Tutorial. Estimating continuous values based on input image

Friday, December 01, 2017

This tutorial explains the training method of a neural network that calculates some continuous values based on input images. The following figure illustrates a neural network that outputs continuous values based on images.

Illustration of a neural network that outputs continuous values based on input images

A problem that estimates function y=f(x), which determines continuous values y from input data x, is called regression in the field of machine learning and statistics.

For example, this neural network can be used to estimate scores that indicate the quality of images, estimate the noise level, shutter speed, and the like of images, estimate parameters, such as brightness, contrast, and gamma, used to process images, estimate the number, sizes, and coordinates of objects in images, and so forth.

Datasets

Here, the MNIST dataset, which is the default dataset available in Neural Network Console, will be used for explanatory purposes. The MNIST dataset contains 60,000 images for training and 10,000 images for evaluation. Each image is a 28 × 28 monochrome image that is assigned an index (0 to 9) indicating the correct number.

MNIST data

This dataset is primarily used to categorize numbers from 0 to 9 into 10 categories (0 to 9), but here we will use the dataset for estimating continuous value labels ranging from 0.0 to 9.0 from the images. When you prepare your own dataset, you can train a neural network that estimates continuous values by preparing a dataset that provides a correct value y for image x.

Network structure

The network structure used to estimate continuous values is almost identical to the network structure used for categorization. Here, we will use the following network structure.

Neural network structure that estimates continuous values from images

The network is structured to receive a 1x28x28 image and estimate one of the continuous values. In the two convolutions, the image resolution is downsampled to one-half by setting the stride to 2,2, without using MaxPooling or the like.

The difference between this network structure and the network structure for categorization (used by a large number of sample projects included with Neural Network Console) is at the end of the network. Specifically, in the category classification problem, the network ended with Softmax+CategoricalCrossEntropy or SotmaxCrossEntropy, but the above network structure uses SquaredError at the end.

Softmax+CategoricalCrossEntropy or SotmaxCrossEntropy in the category classification problem was used to optimize the neural network parameters by normalizing the neural network output values to a probability ranging from 0.0 to 1.0 so that 1 is obtained when all categories are added (Softmax) and using a loss function that produces smaller output values as these probabilities become closer to the provided labels (CategoricalCrossEntropy). In the continuous value estimation problem, however, the neural network is optimized by using SquaredError, a loss function that expresses the mean square error between the neural network output values and the label provided as continuous values.
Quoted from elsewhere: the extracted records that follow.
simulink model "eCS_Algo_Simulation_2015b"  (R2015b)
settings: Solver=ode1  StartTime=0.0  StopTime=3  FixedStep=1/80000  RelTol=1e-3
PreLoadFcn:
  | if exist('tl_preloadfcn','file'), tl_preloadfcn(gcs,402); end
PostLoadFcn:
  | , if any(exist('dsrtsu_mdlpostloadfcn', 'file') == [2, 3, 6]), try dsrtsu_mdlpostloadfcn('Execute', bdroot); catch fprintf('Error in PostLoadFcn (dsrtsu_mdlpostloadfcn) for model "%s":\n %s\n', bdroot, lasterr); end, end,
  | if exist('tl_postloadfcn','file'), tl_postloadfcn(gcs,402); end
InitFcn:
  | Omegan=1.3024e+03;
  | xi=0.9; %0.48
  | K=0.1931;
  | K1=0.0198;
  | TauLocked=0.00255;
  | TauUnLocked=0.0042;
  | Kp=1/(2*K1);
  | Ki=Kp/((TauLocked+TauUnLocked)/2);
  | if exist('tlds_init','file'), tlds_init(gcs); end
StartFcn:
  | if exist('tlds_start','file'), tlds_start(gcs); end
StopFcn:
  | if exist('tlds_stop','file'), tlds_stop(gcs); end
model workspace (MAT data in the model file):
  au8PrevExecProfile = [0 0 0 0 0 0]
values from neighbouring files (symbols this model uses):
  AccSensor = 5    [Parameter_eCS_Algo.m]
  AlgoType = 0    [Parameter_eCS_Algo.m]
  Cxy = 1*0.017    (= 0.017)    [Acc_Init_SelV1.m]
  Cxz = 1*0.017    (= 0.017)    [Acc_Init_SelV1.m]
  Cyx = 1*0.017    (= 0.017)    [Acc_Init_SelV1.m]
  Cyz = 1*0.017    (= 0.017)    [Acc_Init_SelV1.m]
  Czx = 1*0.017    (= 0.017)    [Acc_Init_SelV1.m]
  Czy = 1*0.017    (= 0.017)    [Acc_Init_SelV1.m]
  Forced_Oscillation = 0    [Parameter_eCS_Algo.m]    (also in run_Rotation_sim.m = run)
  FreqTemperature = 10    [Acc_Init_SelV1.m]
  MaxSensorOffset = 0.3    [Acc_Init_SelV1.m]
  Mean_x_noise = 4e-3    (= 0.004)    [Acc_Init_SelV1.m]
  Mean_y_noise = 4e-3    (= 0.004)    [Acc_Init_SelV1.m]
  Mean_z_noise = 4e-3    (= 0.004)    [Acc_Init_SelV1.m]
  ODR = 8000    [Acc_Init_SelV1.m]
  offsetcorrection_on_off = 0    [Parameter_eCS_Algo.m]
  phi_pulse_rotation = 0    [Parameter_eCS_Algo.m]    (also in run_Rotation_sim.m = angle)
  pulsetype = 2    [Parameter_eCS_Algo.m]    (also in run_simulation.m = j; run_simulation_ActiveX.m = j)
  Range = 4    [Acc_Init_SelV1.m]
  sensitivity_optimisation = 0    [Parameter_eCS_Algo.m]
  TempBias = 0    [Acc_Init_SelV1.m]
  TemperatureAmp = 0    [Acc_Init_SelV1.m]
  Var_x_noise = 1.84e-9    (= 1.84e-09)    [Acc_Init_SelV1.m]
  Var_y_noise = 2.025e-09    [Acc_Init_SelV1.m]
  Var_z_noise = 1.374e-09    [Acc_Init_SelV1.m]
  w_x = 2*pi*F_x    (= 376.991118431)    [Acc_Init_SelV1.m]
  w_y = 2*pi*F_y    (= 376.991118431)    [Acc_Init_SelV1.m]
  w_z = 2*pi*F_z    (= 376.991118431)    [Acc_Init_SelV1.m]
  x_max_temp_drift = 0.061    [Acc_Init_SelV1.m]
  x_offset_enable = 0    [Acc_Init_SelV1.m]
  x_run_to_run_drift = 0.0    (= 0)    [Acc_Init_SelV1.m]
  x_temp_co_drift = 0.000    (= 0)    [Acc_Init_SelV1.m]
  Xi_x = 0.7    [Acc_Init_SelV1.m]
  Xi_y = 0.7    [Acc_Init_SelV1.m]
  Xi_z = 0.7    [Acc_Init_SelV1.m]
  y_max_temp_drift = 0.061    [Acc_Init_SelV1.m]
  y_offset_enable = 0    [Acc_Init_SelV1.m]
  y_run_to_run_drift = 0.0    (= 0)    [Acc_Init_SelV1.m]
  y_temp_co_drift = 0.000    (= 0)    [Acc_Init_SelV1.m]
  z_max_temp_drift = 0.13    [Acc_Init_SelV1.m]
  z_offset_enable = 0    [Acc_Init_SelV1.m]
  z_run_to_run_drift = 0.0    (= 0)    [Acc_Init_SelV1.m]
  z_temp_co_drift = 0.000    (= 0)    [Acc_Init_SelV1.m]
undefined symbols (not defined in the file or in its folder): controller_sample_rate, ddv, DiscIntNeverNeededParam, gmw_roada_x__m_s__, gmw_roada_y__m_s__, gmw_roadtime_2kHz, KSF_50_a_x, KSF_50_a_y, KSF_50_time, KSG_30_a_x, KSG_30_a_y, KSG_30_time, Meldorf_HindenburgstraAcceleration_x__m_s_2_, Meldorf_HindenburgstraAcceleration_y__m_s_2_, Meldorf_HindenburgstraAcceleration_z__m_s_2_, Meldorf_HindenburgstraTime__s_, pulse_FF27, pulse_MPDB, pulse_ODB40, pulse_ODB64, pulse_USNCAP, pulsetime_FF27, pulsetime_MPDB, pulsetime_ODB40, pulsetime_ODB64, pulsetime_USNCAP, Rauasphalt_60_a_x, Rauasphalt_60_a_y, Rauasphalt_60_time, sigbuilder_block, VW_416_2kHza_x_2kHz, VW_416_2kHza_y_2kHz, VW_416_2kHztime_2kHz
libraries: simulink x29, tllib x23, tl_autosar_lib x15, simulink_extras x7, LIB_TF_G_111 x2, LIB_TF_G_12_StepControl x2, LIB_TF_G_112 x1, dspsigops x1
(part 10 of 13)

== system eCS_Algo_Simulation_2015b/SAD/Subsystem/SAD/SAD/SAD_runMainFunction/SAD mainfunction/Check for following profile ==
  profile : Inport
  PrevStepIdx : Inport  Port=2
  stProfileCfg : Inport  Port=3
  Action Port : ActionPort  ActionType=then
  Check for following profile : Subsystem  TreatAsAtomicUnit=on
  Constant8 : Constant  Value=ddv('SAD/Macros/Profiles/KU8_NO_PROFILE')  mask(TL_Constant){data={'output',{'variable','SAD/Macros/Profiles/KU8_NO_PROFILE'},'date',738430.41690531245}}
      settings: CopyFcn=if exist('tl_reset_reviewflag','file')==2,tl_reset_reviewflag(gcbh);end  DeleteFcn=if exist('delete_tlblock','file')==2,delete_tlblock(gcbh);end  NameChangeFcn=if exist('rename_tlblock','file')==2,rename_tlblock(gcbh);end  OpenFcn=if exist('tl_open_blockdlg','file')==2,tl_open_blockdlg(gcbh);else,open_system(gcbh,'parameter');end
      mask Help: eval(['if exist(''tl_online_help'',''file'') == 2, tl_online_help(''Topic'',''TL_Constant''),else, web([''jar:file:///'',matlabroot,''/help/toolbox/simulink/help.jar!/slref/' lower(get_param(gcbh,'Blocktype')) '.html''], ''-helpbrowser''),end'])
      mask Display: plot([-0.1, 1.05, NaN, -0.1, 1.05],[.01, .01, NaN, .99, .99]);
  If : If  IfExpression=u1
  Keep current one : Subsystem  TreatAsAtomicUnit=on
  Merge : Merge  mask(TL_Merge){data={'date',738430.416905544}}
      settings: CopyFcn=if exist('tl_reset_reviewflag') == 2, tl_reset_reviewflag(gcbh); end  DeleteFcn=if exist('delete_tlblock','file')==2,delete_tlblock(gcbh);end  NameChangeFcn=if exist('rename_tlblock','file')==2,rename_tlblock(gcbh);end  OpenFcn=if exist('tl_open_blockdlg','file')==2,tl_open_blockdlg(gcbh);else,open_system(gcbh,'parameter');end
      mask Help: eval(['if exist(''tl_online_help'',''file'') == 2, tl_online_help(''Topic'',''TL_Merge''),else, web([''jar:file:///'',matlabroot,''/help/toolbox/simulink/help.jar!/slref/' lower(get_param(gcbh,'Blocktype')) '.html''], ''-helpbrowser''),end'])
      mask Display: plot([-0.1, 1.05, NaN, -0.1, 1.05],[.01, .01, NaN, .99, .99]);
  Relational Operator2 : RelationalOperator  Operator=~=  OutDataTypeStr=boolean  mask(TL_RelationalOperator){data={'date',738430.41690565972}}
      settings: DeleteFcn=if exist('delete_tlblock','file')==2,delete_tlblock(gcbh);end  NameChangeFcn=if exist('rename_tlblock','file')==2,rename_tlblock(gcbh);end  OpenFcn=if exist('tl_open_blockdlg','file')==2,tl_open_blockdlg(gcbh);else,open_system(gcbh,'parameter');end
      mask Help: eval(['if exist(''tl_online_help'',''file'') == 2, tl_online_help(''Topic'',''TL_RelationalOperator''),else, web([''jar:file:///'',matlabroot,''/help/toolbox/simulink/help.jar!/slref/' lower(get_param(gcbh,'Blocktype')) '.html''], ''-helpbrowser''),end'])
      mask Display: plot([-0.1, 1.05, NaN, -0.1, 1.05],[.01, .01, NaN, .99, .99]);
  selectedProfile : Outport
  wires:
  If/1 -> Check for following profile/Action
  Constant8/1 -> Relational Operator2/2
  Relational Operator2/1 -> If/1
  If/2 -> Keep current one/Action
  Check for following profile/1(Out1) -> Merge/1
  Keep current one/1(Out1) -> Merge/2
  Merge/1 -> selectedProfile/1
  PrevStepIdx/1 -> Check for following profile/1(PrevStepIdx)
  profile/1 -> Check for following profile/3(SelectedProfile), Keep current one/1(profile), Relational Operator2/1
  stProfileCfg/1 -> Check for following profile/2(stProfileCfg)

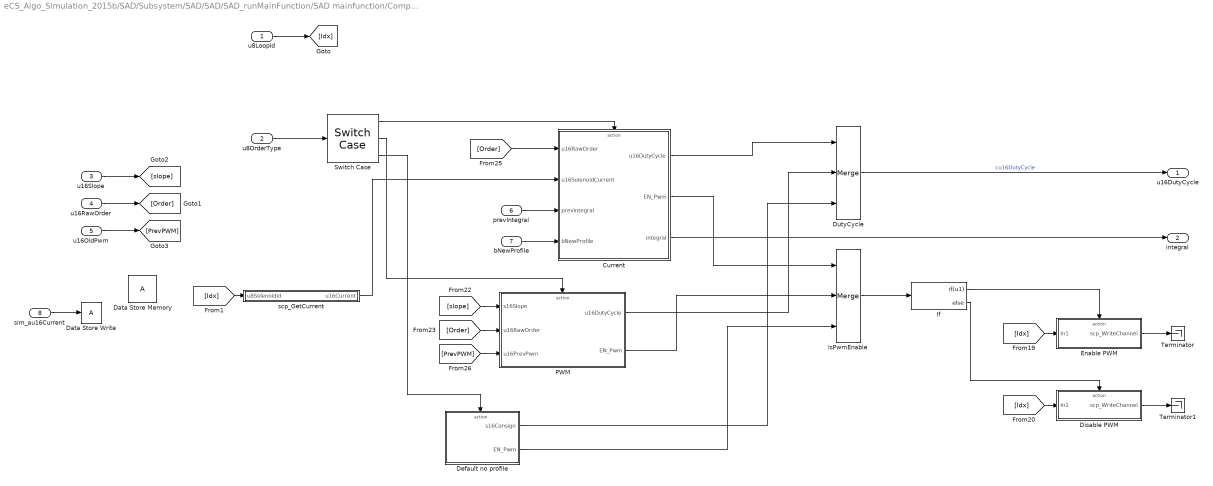
== system eCS_Algo_Simulation_2015b/SAD/Subsystem/SAD/SAD/SAD_runMainFunction/SAD mainfunction/ComputeDutyCycle ==
  u8LoopId : Inport
  u8OrderType : Inport  Port=2
  u16Slope : Inport  Port=3
  u16RawOrder : Inport  Port=4
  u16OldPwm : Inport  Port=5
  prevIntegral : Inport  Port=6
  bNewProfile : Inport  Port=7
  sim_au16Current : Inport  Port=8
  Current : Subsystem  TreatAsAtomicUnit=on
  Data Store Memory : DataStoreMemory  ReadBeforeWriteMsg=warning  WriteAfterWriteMsg=warning  WriteAfterReadMsg=warning  InitialValue=[0 0 0 0 0 0]  mask(TL_DataStoreMemory){data={'output',{'type','UInt16'},'date',738433.70621954859}}
      settings: CopyFcn=if exist('tl_reset_reviewflag') == 2, tl_reset_reviewflag(gcbh); end  DeleteFcn=if exist('delete_tlblock','file')==2,delete_tlblock(gcbh);end  NameChangeFcn=if exist('rename_tlblock','file')==2,rename_tlblock(gcbh);end  OpenFcn=if exist('tl_open_blockdlg','file')==2,tl_open_blockdlg(gcbh);else,open_system(gcbh,'parameter');end
      mask Help: eval(['if exist(''tl_online_help'',''file'') == 2, tl_online_help(''Topic'',''TL_DataStoreMemory''),else, web([''jar:file:///'',matlabroot,''/help/toolbox/simulink/help.jar!/slref/' lower(get_param(gcbh,'Blocktype')) '.html''], ''-helpbrowser''),end'])
      mask Display:
      | plot([-0.1, 1.05, NaN, -0.1, 1.05],[.01, .01, NaN, .99, .99]);
      | plot([-0.1, 1.05, NaN, -0.1, 1.05],[.01, .01, NaN, .99, .99]);
  Data Store Write : DataStoreWrite  mask(TL_DataStoreWrite){data={'date',738433.42894126161}}
      settings: DeleteFcn=if exist('delete_tlblock','file')==2,delete_tlblock(gcbh);end  NameChangeFcn=if exist('rename_tlblock','file')==2,rename_tlblock(gcbh);end  OpenFcn=if exist('tl_open_blockdlg','file')==2,tl_open_blockdlg(gcbh);else,open_system(gcbh,'parameter');end
      mask Help: eval(['if exist(''tl_online_help'',''file'') == 2, tl_online_help(''Topic'',''TL_DataStoreWrite''),else, web([''jar:file:///'',matlabroot,''/help/toolbox/simulink/help.jar!/slref/' lower(get_param(gcbh,'Blocktype')) '.html''], ''-helpbrowser''),end'])
      mask Display: plot([-0.1, 1.05, NaN, -0.1, 1.05],[.01, .01, NaN, .99, .99]);
  Default no profile : Subsystem  TreatAsAtomicUnit=on
  Disable PWM : Subsystem  TreatAsAtomicUnit=on
  DutyCycle : Merge  Inputs=3  mask(TL_Merge){data={'date',738430.41690787033}}
      settings: CopyFcn=if exist('tl_reset_reviewflag') == 2, tl_reset_reviewflag(gcbh); end  DeleteFcn=if exist('delete_tlblock','file')==2,delete_tlblock(gcbh);end  NameChangeFcn=if exist('rename_tlblock','file')==2,rename_tlblock(gcbh);end  OpenFcn=if exist('tl_open_blockdlg','file')==2,tl_open_blockdlg(gcbh);else,open_system(gcbh,'parameter');end
      mask Help: eval(['if exist(''tl_online_help'',''file'') == 2, tl_online_help(''Topic'',''TL_Merge''),else, web([''jar:file:///'',matlabroot,''/help/toolbox/simulink/help.jar!/slref/' lower(get_param(gcbh,'Blocktype')) '.html''], ''-helpbrowser''),end'])
      mask Display: plot([-0.1, 1.05, NaN, -0.1, 1.05],[.01, .01, NaN, .99, .99]);
  Enable PWM : Subsystem  TreatAsAtomicUnit=on
  If : If  IfExpression=u1
  IsPwmEnable : Merge  Inputs=3  mask(TL_Merge){data={'date',738430.41690775461}}
      settings: CopyFcn=if exist('tl_reset_reviewflag') == 2, tl_reset_reviewflag(gcbh); end  DeleteFcn=if exist('delete_tlblock','file')==2,delete_tlblock(gcbh);end  NameChangeFcn=if exist('rename_tlblock','file')==2,rename_tlblock(gcbh);end  OpenFcn=if exist('tl_open_blockdlg','file')==2,tl_open_blockdlg(gcbh);else,open_system(gcbh,'parameter');end
      mask Help: eval(['if exist(''tl_online_help'',''file'') == 2, tl_online_help(''Topic'',''TL_Merge''),else, web([''jar:file:///'',matlabroot,''/help/toolbox/simulink/help.jar!/slref/' lower(get_param(gcbh,'Blocktype')) '.html''], ''-helpbrowser''),end'])
      mask Display: plot([-0.1, 1.05, NaN, -0.1, 1.05],[.01, .01, NaN, .99, .99]);
  PWM : Subsystem  TreatAsAtomicUnit=on
  Switch Case : SwitchCase  CaseConditions={1,2}
  Terminator : Terminator
  Terminator1 : Terminator
  scp_GetCurrent : Subsystem  TreatAsAtomicUnit=on
  u16DutyCycle : Outport
  integral : Outport  Port=2
  wires:
  u8OrderType/1 -> Switch Case/1
  Switch Case/3 -> Default no profile/Action
  Default no profile/2(EN_Pwm) -> IsPwmEnable/3
  If/1 -> Enable PWM/Action
  Default no profile/1(s16Consign) -> DutyCycle/3
  [Idx] -> Disable PWM/1(In1)
  Disable PWM/1(scp_WriteChannel) -> Terminator1/1
  [PrevPWM] -> PWM/3(u16PrevPwm)
  [Order] -> Current/1(u16RawOrder)
  [Order] -> PWM/2(u16RawOrder)
  Enable PWM/1(scp_WriteChannel) -> Terminator/1
  [Idx] -> Enable PWM/1(In1)
  If/2 -> Disable PWM/Action
  [slope] -> PWM/1(s16Slope)
  DutyCycle/1 -> u16DutyCycle/1  "cu16DutyCycle"
  Switch Case/1 -> Current/Action
  Switch Case/2 -> PWM/Action
  u8LoopId/1 -> [Idx]
  u16RawOrder/1 -> [Order]
  u16Slope/1 -> [slope]
  u16OldPwm/1 -> [PrevPWM]
  IsPwmEnable/1 -> If/1
  [Idx] -> scp_GetCurrent/1(u8SolenoidId)
  scp_GetCurrent/1(u16Current) -> Current/2(u16SolenoidCurrent)
  Current/3(integral) -> integral/1
  prevIntegral/1 -> Current/3(prevIntegral)
  bNewProfile/1 -> Current/4(bNewProfile)
  sim_au16Current/1 -> Data Store Write/1
  Current/2(EN_Pwm) -> IsPwmEnable/1
  PWM/2(EN_Pwm) -> IsPwmEnable/2
  Current/1(u16DutyCycle) -> DutyCycle/1
  PWM/1(u16DutyCycle) -> DutyCycle/2

== system eCS_Algo_Simulation_2015b/SAD/Subsystem/SAD/SAD/SAD_runMainFunction/SAD mainfunction/Keep current profile ==
  PrevProfile : Inport
  Action Port : ActionPort  ActionType=else
  SelectedProfile : Outport
  wires:
  PrevProfile/1 -> SelectedProfile/1

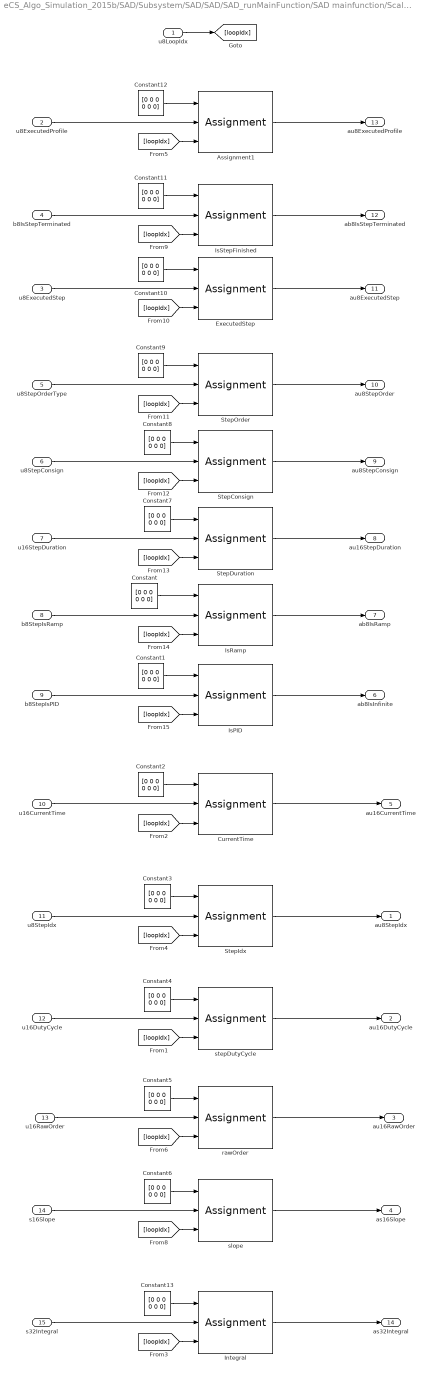
== system eCS_Algo_Simulation_2015b/SAD/Subsystem/SAD/SAD/SAD_runMainFunction/SAD mainfunction/ScalarToVector ==
  u8LoopIdx : Inport
  u8ExecutedProfile : Inport  Port=2
  u8ExecutedStep : Inport  Port=3
  b8IsStepTerminated : Inport  Port=4
  u8StepOrderType : Inport  Port=5
  u8StepConsign : Inport  Port=6
  u16StepDuration : Inport  Port=7
  b8StepIsRamp : Inport  Port=8
  b8StepIsPID : Inport  Port=9
  u16CurrentTime : Inport  Port=10
  u8StepIdx : Inport  Port=11
  u16DutyCycle : Inport  Port=12
  u16RawOrder : Inport  Port=13
  s16Slope : Inport  Port=14
  s32Integral : Inport  Port=15
  Assignment1 : Assignment  IndexMode=Zero-based  IndexOptions=Index vector (port)  Indices=1  OutputSizes=1  mask(TL_Assignment){data={'insideiteratedsystem',logical(1),'omitinitializations',1,'output',{'variable','SAD/Vars/Profiles/au8ExecProfile','inheritscaling',0},'date',738430.41691026615}}
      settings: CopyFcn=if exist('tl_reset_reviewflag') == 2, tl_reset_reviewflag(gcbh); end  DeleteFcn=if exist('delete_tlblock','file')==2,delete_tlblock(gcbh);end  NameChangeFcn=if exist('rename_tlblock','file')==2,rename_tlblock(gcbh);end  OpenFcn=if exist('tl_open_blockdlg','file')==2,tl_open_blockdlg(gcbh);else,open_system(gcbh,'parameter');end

By using this kind of network structure, we can expect the neural network output values to become closer to the values provided as labels as the training progresses.

Training results

Let’s actually execute training using the above dataset and network structure. This time the training was completed in 30 minutes using a CPU.

The learning curve of the training result is shown below. Cost, training error, and validation error values are the output values of SquaredError (mean square errors between the neural network output values and correct labels).

Learning curve

The validation error that was 0.77 at the end of one epoch training was reduced to 0.23 after 100 epochs. We can see that as the training progresses, the squared error (y’ – y)^2 between the neural network output values and correct labels becomes smaller.

Estimated results

The result of estimating continuous values for the validation data set using the trained neural network is shown below.

Evaluation results

We can see that for the estimated values, y’, which takes on one of the continuous values, is being output and that the estimated value y’ is close to the value y applied as labels.

To verify the estimated results of continuous values in another way, let’s open output_result.csv, which is in the estimated result output folder, in Excel (Windows version only). We select columns y and y’ and create a scatter chart.

In the created scatter chart, correct labels (y) are plotted on the horizontal axis and estimated values (y’) output by the neural network based on images on the vertical axis.

Scatter chart of correct labels (y: horizontal axis) and estimated results (y’: vertical axis)

For all images 0 to 9, we can see that the output values (y’) are close to the correct labels (y).

Advanced technique

The network structure described earlier was extremely simple in order to explain how to estimate continuous values. By employing a network structure implementing the latest technique, we can expect higher accuracy using the same dataset.

In handling regression problems, it is known that there are cases in which using HuberLoss in place of SquaredError for the loss function leads to more stable estimation of continuous values. HuberLoss is a loss function designed to linearly increase loss when squared errors exceed a given value.

Layer reference. HuberLoss

Neural network structure using HuberLoss

It is possible to estimate multiple continuous values from a single image by applying the correct label y as a vector rather than a one-dimensional array. For example, to estimate four continuous values, a four-dimensional correct vector containing y__0 to y__3 (variable + double underscore + vector dimension index) is applied to the dataset.

Example: Dataset for four-dimensional continuous value estimation

Further, it is possible to train an image input-output network in order to estimate continuous values from an area of images or pixels rather than estimating continuous values from the whole image.